When you think of weather, chances are you might imagine a blizzard or a rainstorm. But just like the Earth, space has its own weather. It may sound like fiction, but space weather is very real, and it includes phenomena like solar wind and solar storms, which are pretty common. In fact, a solar storm is forecast for today, March 14th. But what exactly is it, and is it dangerous?

Basically, a solar storm is when a magnetic eruption, called a solar flare or a coronal mass ejection, takes place in the sun’s atmosphere. According to the National Oceanic and Atmospheric Administration, these solar flares cause charged particles to reach speeds up to one-third the speed of light. Protons traveling extra-fast can reach the Earth’s surface in just half an hour.

Can a solar storm cause damage?

If a solar storm hits Earth, it can wreak havoc on electrical grids and satellites. Some of the effects include extra currents along power lines and widespread power outages. Radio waves and GPS signals can also be disrupted by the energy from this phenomenon.

But solar storms aren’t all bad.

They’re also responsible for the Aurora Borealis — aka the Northern Lights. The same charged particles that result in solar flares can cause the spectacular light show to be visible at lower elevations than normal.

And, just like storms here on Earth, solar storms have different levels of severity.

Scientists classify these space storms on a scale of G1 (minor) to G5 (extreme). The solar storm predicted for today, March 14th, is categorized as a G1, so while some weak power grid fluctuations are possible, the most noticeable effect will be visible Northern Lights in places like Michigan and Maine.

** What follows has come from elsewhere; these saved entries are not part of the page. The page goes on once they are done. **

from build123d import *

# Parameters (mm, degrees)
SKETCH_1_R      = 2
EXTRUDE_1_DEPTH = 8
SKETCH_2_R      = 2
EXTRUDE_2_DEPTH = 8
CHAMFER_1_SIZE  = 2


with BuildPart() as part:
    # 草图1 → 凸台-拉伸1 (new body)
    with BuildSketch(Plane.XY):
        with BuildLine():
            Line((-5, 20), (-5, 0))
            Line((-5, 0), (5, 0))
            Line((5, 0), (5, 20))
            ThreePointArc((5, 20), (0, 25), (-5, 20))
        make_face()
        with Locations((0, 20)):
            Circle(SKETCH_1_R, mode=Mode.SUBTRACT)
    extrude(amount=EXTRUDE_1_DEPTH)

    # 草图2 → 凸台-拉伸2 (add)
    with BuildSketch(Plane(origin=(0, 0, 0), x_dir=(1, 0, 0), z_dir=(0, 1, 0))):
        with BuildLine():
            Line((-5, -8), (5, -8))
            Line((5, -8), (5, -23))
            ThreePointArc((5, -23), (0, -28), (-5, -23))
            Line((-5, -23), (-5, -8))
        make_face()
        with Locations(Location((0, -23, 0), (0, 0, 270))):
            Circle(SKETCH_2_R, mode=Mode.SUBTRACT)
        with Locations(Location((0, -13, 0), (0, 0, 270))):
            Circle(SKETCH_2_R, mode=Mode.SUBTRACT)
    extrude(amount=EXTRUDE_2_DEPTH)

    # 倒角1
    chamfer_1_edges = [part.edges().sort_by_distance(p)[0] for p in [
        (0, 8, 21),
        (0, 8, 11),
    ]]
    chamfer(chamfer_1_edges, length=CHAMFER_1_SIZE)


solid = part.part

Like any kind of weather, scientists are getting better and better at predicting when a solar storm will hit and taking precautions against it. And thankfully, while they may sound scary, these space storms won’t cause sci-fi levels of destruction. A 2013 NASA article reassures that no matter how strong they are, solar flares cannot destroy Earth. So if conditions are looking stormy on the sun, just keep calm and carry on.